5. When It Matters and Why
Earlier, we looked at file types because they determine the file consumers we should consider. In fact, it’s up to the consumer to check, report, or even reject a certain format.
We’ll use the following file contents with (file /file) and without (file /badfile) a newline at the end:
Let’s look at some typical cases where that difference matters.
5.1. cat Terminal Output and Concatenation
Using cat, we can quickly see some potential problems for files that don’t terminate on an EOL:
$ cat /file line1 line2 $ cat /badfile line1 line2$
Note how the last prompt appears right next to the contents of /badfile. While this is a purely cosmetic issue, concatenation could make it a technical problem.
Using the same two files, concatenating one way produces a possibly problematic output:
$ cat /badfile /file line1 line2line1 line2
Of course, the result can be expected, but leaving that as the default behavior can mess up data processing, especially for structured text files, such as CSV.
5.2. wc Line Counting
One of the easier ways to see value in having all files ending with EOL is the wc command.
For example, let’s count the lines of our two files:
$ cat /file | wc --lines 2 $ cat /badfile | wc --lines 1
As expected, /file looks to be two lines long.

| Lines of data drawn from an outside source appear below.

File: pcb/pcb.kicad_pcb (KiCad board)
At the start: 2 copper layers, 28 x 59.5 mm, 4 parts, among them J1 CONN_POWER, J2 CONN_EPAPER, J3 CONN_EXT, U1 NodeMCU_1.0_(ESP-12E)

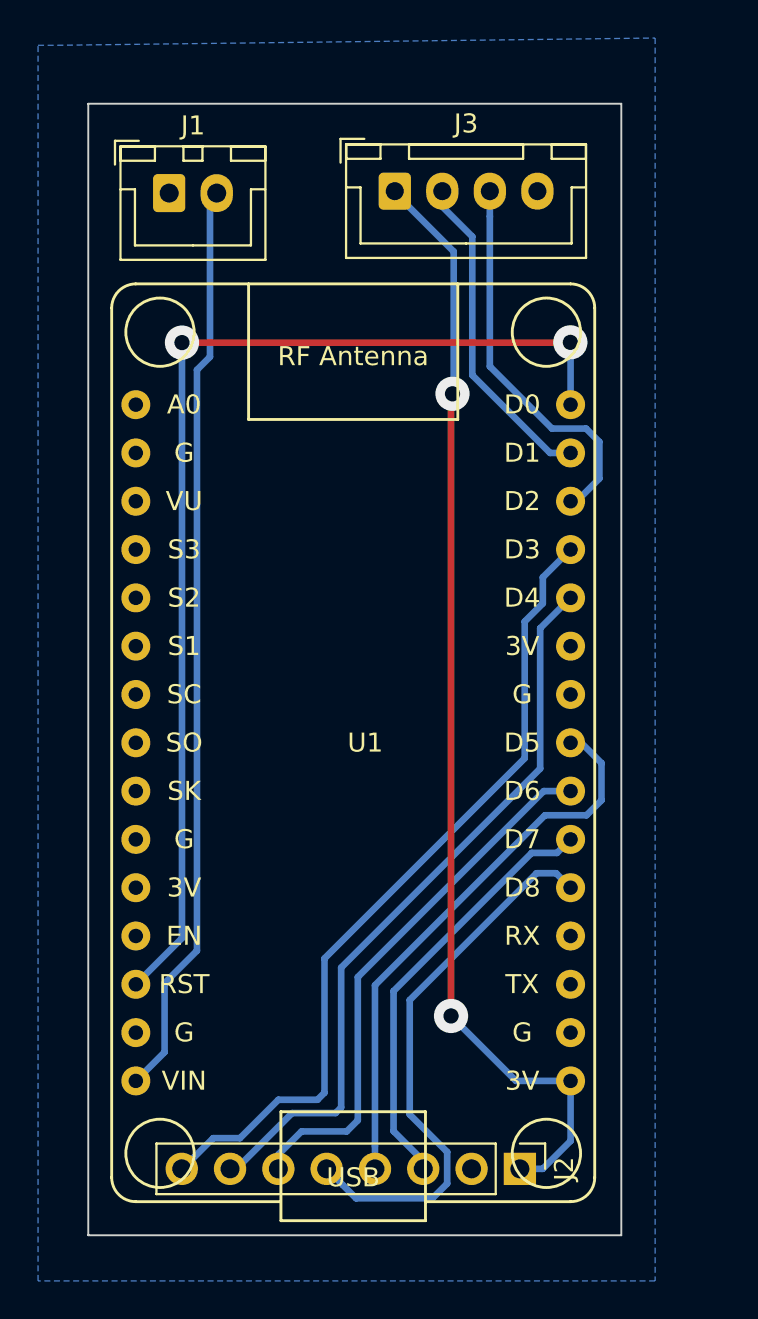
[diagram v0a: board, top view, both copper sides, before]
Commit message: hw: add voltage divider for battery measurement
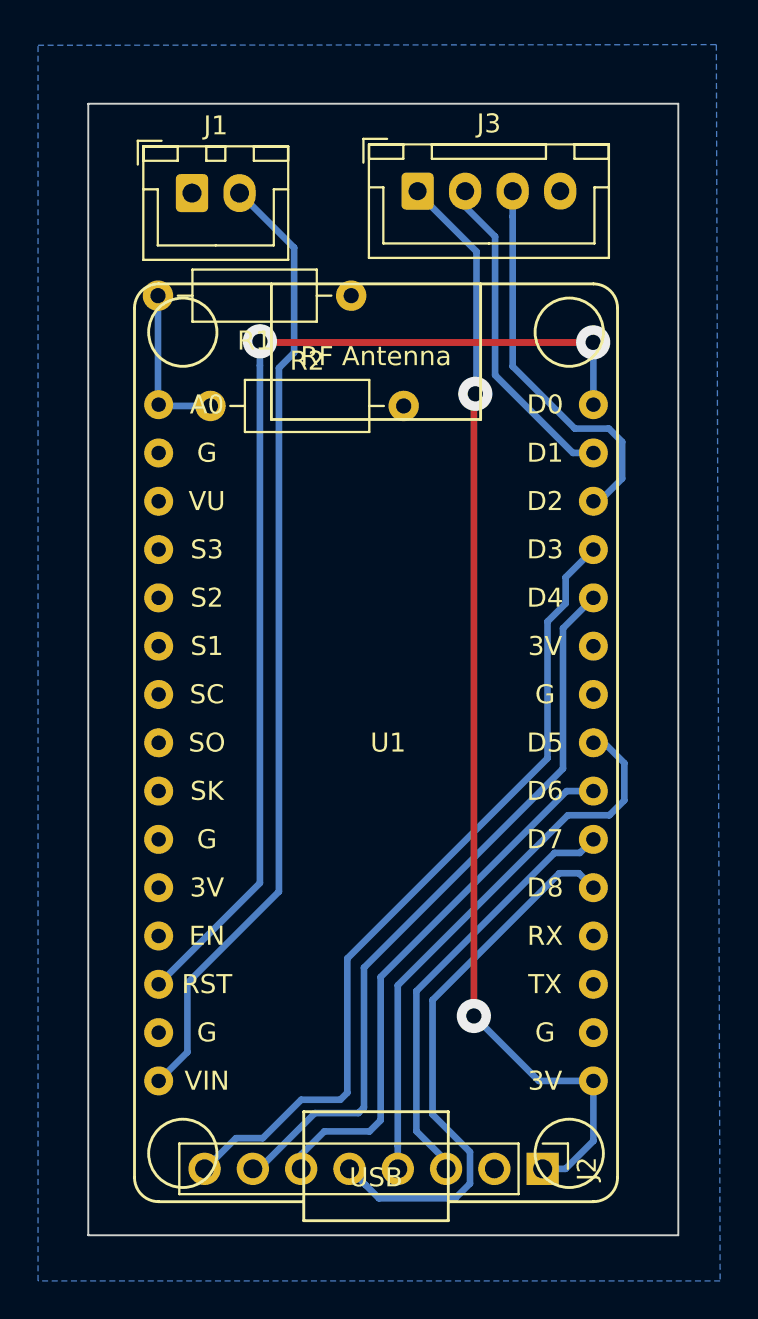
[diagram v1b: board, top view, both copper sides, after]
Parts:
- added R1: 1000, Resistor_THT:R_Axial_DIN0207_L6.3mm_D2.5mm_P10.16mm_Horizontal, F.Cu at (140.0, 86.0)
- added R2: 570, Resistor_THT:R_Axial_DIN0207_L6.3mm_D2.5mm_P10.16mm_Horizontal, F.Cu at (132.6, 91.8)
- moved J3 1.20 mm to (143.5, 80.5)
- moved U1 1.20 mm to (141.3, 110.8)
- moved J1 1.20 mm to (131.6, 80.6)
- moved J2 1.20 mm to (150.1, 131.9)
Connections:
- U1 pad 1: (no net) -> Net-(R1-Pad2)
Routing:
- net Net-(R1-Pad2): track 0.00 -> 8.10 mm
- net +BATT: track 48.4 -> 50.8 mm
- net /RST_WUP: track 58.5 -> 56.8 mm
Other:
- board size 28 x 59.5 mm -> 31 x 59.5 mm

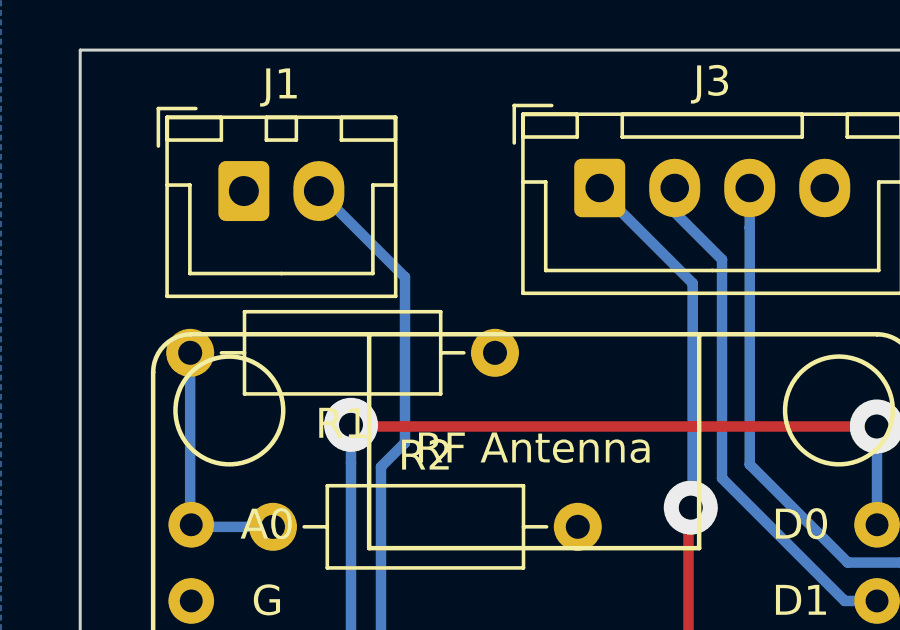
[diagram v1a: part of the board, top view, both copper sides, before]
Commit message: hw: Fix batt not connected
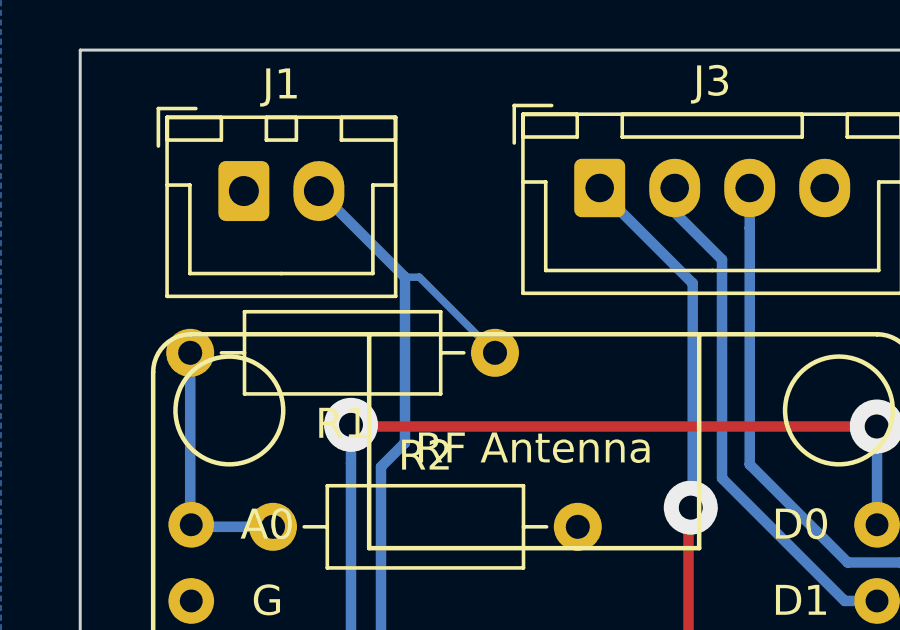
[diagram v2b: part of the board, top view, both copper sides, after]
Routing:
- net +BATT: track 50.8 -> 54.9 mm
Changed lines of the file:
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@@
     (thickness 1.6)
     (drawings 4)
-    (tracks 97)
+    (tracks 99)
     (zones 0)
     (modules 6)
@@
   )
   (setup
-    (last_trace_width 0.35)
+    (last_trace_width 0.25)
     (user_trace_width 0.35)
     (trace_clearance 0.2)
@@
     (add_net GND)
     (add_net "Net-(R1-Pad2)")
-    (add_net "Net-(U1-Pad12)")
-    (add_net "Net-(U1-Pad18)")
-    (add_net "Net-(U1-Pad19)")
-    (add_net "Net-(U1-Pad2)")
-    (add_net "Net-(U1-Pad3)")
-    (add_net "Net-(U1-Pad4)")
-    (add_net "Net-(U1-Pad5)")
-    (add_net "Net-(U1-Pad6)")
-    (add_net "Net-(U1-Pad7)")
-    (add_net "Net-(U1-Pad8)")
-    (add_net "Net-(U1-Pad9)")
   )
   (module Resistor_THT:R_Axial_DIN0207_L6.3mm_D2.5mm_P10.16mm_Horizontal (layer F.Cu)
@@
   (segment (start 136.2 117.3363) (end 136.2 89.8) (width 0.35) (layer B.Cu) (net 2))
   (segment (start 136.2 89.8) (end 137 89) (width 0.35) (layer B.Cu) (net 2))
+  (segment (start 137.4779 83.4779) (end 140 86) (width 0.25) (layer B.Cu) (net 2))
+  (segment (start 137 83.4779) (end 137.4779 83.4779) (width 0.25) (layer B.Cu) (net 2))
   (segment (start 151.2694 131.9149) (end 150.0694 131.9149) (width 0.35) (layer B.Cu) (net 3))
   (segment (start 152.735201 130.449099) (end 151.2694 131.9149) (width 0.35) (layer B.Cu) (net 3))

However, /badfile seems to consist of only one line, although we can visually see two. Indeed, that’s due to the missing EOL, which wc relies on to count lines.
Next, we see the power of a complete line via the read command:
$ cat /file | while read line; do echo $line; done line1 line2 $ cat /badfile | while read line; do echo $line; done line1
The issue is obvious: When a line is incomplete, read terminates on the EOF and does not output anything. Thus, we’re left with one less line than expected.
While there are ways to remedy this, having to do so is, at the very least, an inconvenience.
5.4. Reliance on EOL EOF
Many editors automatically append EOL if it’s missing. For example, saving text files with vi would do that.
However, since we can create files in many ways, even outside a POSIX environment, we should not really depend on a terminating EOL. Actually, that can be a vulnerability in lower-level code.
Finally, keeping the above in mind, we can use newlines as a sort of primitive checksum. While transmitting file data, we know we haven’t managed to transmit all of the contents if they don’t end in EOL.
In this article, we discussed whether and why regular files should always end in a newline.
In conclusion, only text files are realistically expected to end in a newline, and even when they don’t, it should not crash a system, but some POSIX tools do rely on this standard in order to work properly.